There are two main analyses of anarchism in Chinese history. One emphasizes
its anti-traditionalism, stressing the influence of foreign ideas such as socialism and
humanism. This view asserts that while Chinese anarchism was born as an ideology of
rejection of China’s emergent modernity, Chinese anarchists adopted elements of Western
thought even as they negated Western modernity. The second analysis suggests that anarchism is not necessarily imported. This view
points to the long tradition of proto-anarchist
thought in China, encompassing Daoists but
also including Buddhists and Utopians.
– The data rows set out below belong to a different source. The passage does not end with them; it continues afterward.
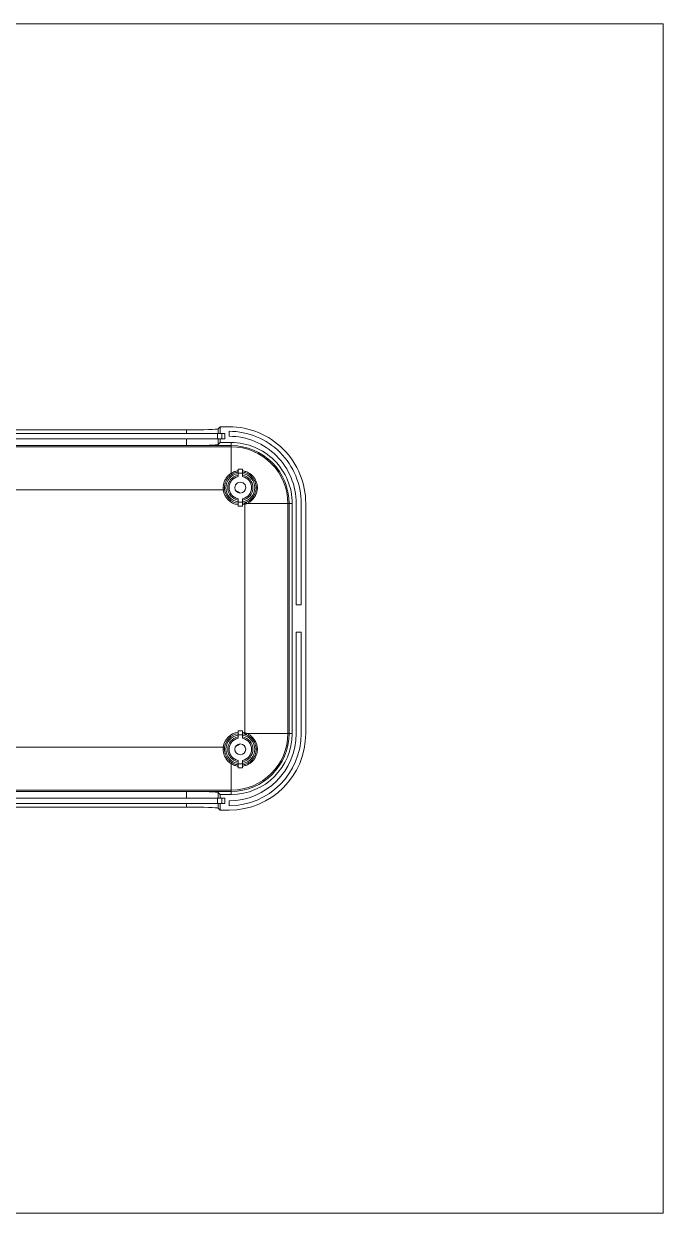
# Model space of a CAD drawing. Header units: millimetres. Extents: x -1304 to 1304, y -904 to 904.
# Drawn here: x -824.9 to -683.2, y -634.8 to -371.2 of the extents above; entities that cross this region are included whole.
import ezdxf

# ---------------------------------------------------------------- set-up
doc = ezdxf.new("R2010")
doc.units = ezdxf.units.MM
doc.header["$MEASUREMENT"] = 0
doc.layers.add('layer 1', color=7, linetype='Continuous')

msp = doc.modelspace()

# ---------------------------------------------------------------- linework, layer by layer
at = {"layer": 'layer 1', "color": 8, "lineweight": 18}
for points in [[(-683.1707, -371.1818), (-683.1707, -371.1818), (-966.6707, -371.1818), (-966.6707, -371.1818)], [(-683.1707, -371.1818), (-683.1707, -371.1818), (-683.1707, -634.8485), (-683.1707, -634.8485)], [(-966.6707, -634.8485), (-966.6707, -634.8485), (-683.1707, -634.8485), (-683.1707, -634.8485)]]:
    msp.add_open_spline(points, degree=3, dxfattribs=at)
at = {"layer": 'layer 1', "color": 155, "lineweight": 18}
for points in [[(-788.8615, -461.1961), (-788.8615, -461.1961), (-860.9799, -461.1961), (-860.9799, -461.1961)], [(-788.8615, -461.1961), (-785.0906, -461.1961), (-781.9973, -461.0918), (-781.8657, -460.9602)], [(-781.4207, -460.5152), (-781.4207, -460.5152), (-781.8657, -460.9602), (-781.8657, -460.9602)], [(-779.4207, -460.5152), (-779.4207, -460.5152), (-781.4207, -460.5152), (-781.4207, -460.5152)], [(-781.4207, -460.5152), (-781.4207, -460.5152), (-781.4207, -462.0152), (-781.4207, -462.0152)], [(-788.8615, -462.0152), (-788.8615, -462.0152), (-860.9799, -462.0152), (-860.9799, -462.0152)], [(-788.8615, -463.2152), (-788.8615, -463.2152), (-860.9799, -463.2152), (-860.9799, -463.2152)], [(-781.8657, -462.0152), (-781.8657, -462.0152), (-788.8615, -462.0152), (-788.8615, -462.0152)], [(-781.8657, -463.2152), (-781.8657, -463.2152), (-788.8615, -463.2152), (-788.8615, -463.2152)], [(-781.4207, -462.0152), (-781.4207, -462.0152), (-781.8657, -462.0152), (-781.8657, -462.0152)], [(-781.4207, -463.2152), (-781.4207, -463.2152), (-781.8657, -463.2152), (-781.8657, -463.2152)], [(-781.4207, -464.0152), (-781.4207, -464.0152), (-781.8657, -464.4602), (-781.8657, -464.4602)], [(-780.3207, -462.0152), (-780.3207, -462.0152), (-781.4207, -462.0152), (-781.4207, -462.0152)], [(-781.4207, -463.2152), (-781.4207, -463.2152), (-780.3207, -463.2152), (-780.3207, -463.2152)], [(-781.4207, -463.2152), (-781.4207, -463.2152), (-781.4207, -464.0152), (-781.4207, -464.0152)], [(-778.9207, -464.0152), (-778.9207, -464.0152), (-781.4207, -464.0152), (-781.4207, -464.0152)], [(-780.3207, -463.2152), (-780.3207, -463.2152), (-780.3207, -462.0152), (-780.3207, -462.0152)], [(-779.4207, -461.5152), (-779.4207, -461.5152), (-779.4207, -462.6152), (-779.4207, -462.6152)], [(-860.9799, -464.6965), (-860.9799, -464.6965), (-788.8615, -464.6965), (-788.8615, -464.6965)], [(-788.3927, -464.6956), (-784.8105, -464.6872), (-781.991, -464.5855), (-781.8657, -464.4602)], [(-778.9207, -470.8068), (-778.8373, -470.9408), (-778.7682, -471.0425), (-778.7628, -471.0391)], [(-777.4207, -470.8152), (-777.4207, -470.8152), (-777.4207, -469.9013), (-777.4207, -469.9013)], [(-776.4207, -470.8152), (-776.4207, -470.8152), (-777.4207, -470.8152), (-777.4207, -470.8152)], [(-777.4207, -470.8152), (-777.4207, -470.8152), (-777.4207, -471.5657), (-777.4207, -471.5657)], [(-776.4207, -470.8152), (-776.4207, -470.8152), (-776.4207, -469.9023), (-776.4207, -469.9023)], [(-776.4207, -471.5657), (-776.4207, -471.5657), (-776.4207, -470.8152), (-776.4207, -470.8152)], [(-869.1508, -474.5152), (-869.1508, -474.5152), (-780.6906, -474.5152), (-780.6906, -474.5152)], [(-780.7207, -474.0379), (-780.5551, -474.0379), (-780.4208, -474.0277), (-780.4207, -474.0152)], [(-780.3916, -474.4652), (-780.1897, -476.0226), (-778.9751, -477.2549), (-777.4207, -477.4793)], [(-773.4207, -474.0152), (-773.4207, -474.0214), (-773.298, -474.0265), (-773.1402, -474.0269)], [(-776.9975, -475.2127), (-777.2695, -474.9855), (-777.5796, -474.8083), (-777.9134, -474.6893)], [(-777.4207, -476.4646), (-777.4207, -476.4646), (-777.4207, -477.2152), (-777.4207, -477.2152)], [(-777.4207, -477.2152), (-777.4207, -477.2152), (-777.4207, -478.148), (-777.4207, -478.148)], [(-776.4207, -477.2152), (-776.4207, -477.2152), (-777.4207, -477.2152), (-777.4207, -477.2152)], [(-776.4207, -477.2152), (-776.4207, -477.2152), (-776.4207, -476.4646), (-776.4207, -476.4646)], [(-776.4207, -477.2152), (-776.4207, -477.2152), (-776.4207, -478.148), (-776.4207, -478.148)], [(-777.4207, -478.148), (-777.4207, -478.148), (-776.4207, -478.148), (-776.4207, -478.148)], [(-776.4207, -477.4793), (-776.2751, -477.4582), (-776.1309, -477.4281), (-775.9891, -477.3889)], [(-775.9207, -477.6812), (-775.9207, -477.6812), (-775.9207, -528.3491), (-775.9207, -528.3491)], [(-775.5577, -477.2389), (-775.5681, -477.2433), (-775.5265, -477.3657), (-775.4636, -477.5152)], [(-765.4207, -528.5152), (-765.4207, -528.5152), (-765.4207, -477.5152), (-765.4207, -477.5152)], [(-764.5207, -477.5152), (-764.5207, -477.5152), (-764.5207, -500.0152), (-764.5207, -500.0152)], [(-763.4207, -500.0152), (-763.4207, -500.0152), (-763.4207, -477.5152), (-763.4207, -477.5152)], [(-762.4207, -528.5152), (-762.4207, -528.5152), (-762.4207, -477.5152), (-762.4207, -477.5152)], [(-764.5207, -500.0152), (-764.5207, -500.0152), (-763.4207, -500.0152), (-763.4207, -500.0152)], [(-764.5207, -506.0152), (-764.5207, -506.0152), (-764.5207, -528.5152), (-764.5207, -528.5152)], [(-763.4207, -506.0152), (-763.4207, -506.0152), (-764.5207, -506.0152), (-764.5207, -506.0152)], [(-763.4207, -528.5152), (-763.4207, -528.5152), (-763.4207, -506.0152), (-763.4207, -506.0152)], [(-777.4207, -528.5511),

The
truth lies somewhere in between: anarchists
like Liu Shipei were unquestionably interested in Chinese national heritage, while Li
Shizeng was thoroughly European in outlook.
Anarchists demanded absolute social revolution, that is, a bottom-up transformation
of quotidian life. Therefore, they disagreed
with the nationalist and communist revolutionary groups who believed change could be
instituted through policy, from above. Similarly, anarchists were anti-nationalist. Some
historians posit that anarchists, unwilling to
pander to patriotic sentiments, effectively
forfeited ground to groups like the GMD and
CCP who based their platform on preserving
the Chinese nation-state.
Historians sometimes question the importance of anarchism in China’s revolutionary
history because it was an ideology that did not
achieve success on a nationwide level. Anarchist groups in China never coalesced into
a political party, or even a unified network.
Anarchist activity was scattered and their
platform was inconsistent. However, reflecting on the role that anarchism played in radicalizing communist and nationalist leaders,
bringing new ideas to China, and demanding
a social revolution, clearly anarchism was an
integral and ubiquitous part of the revolution.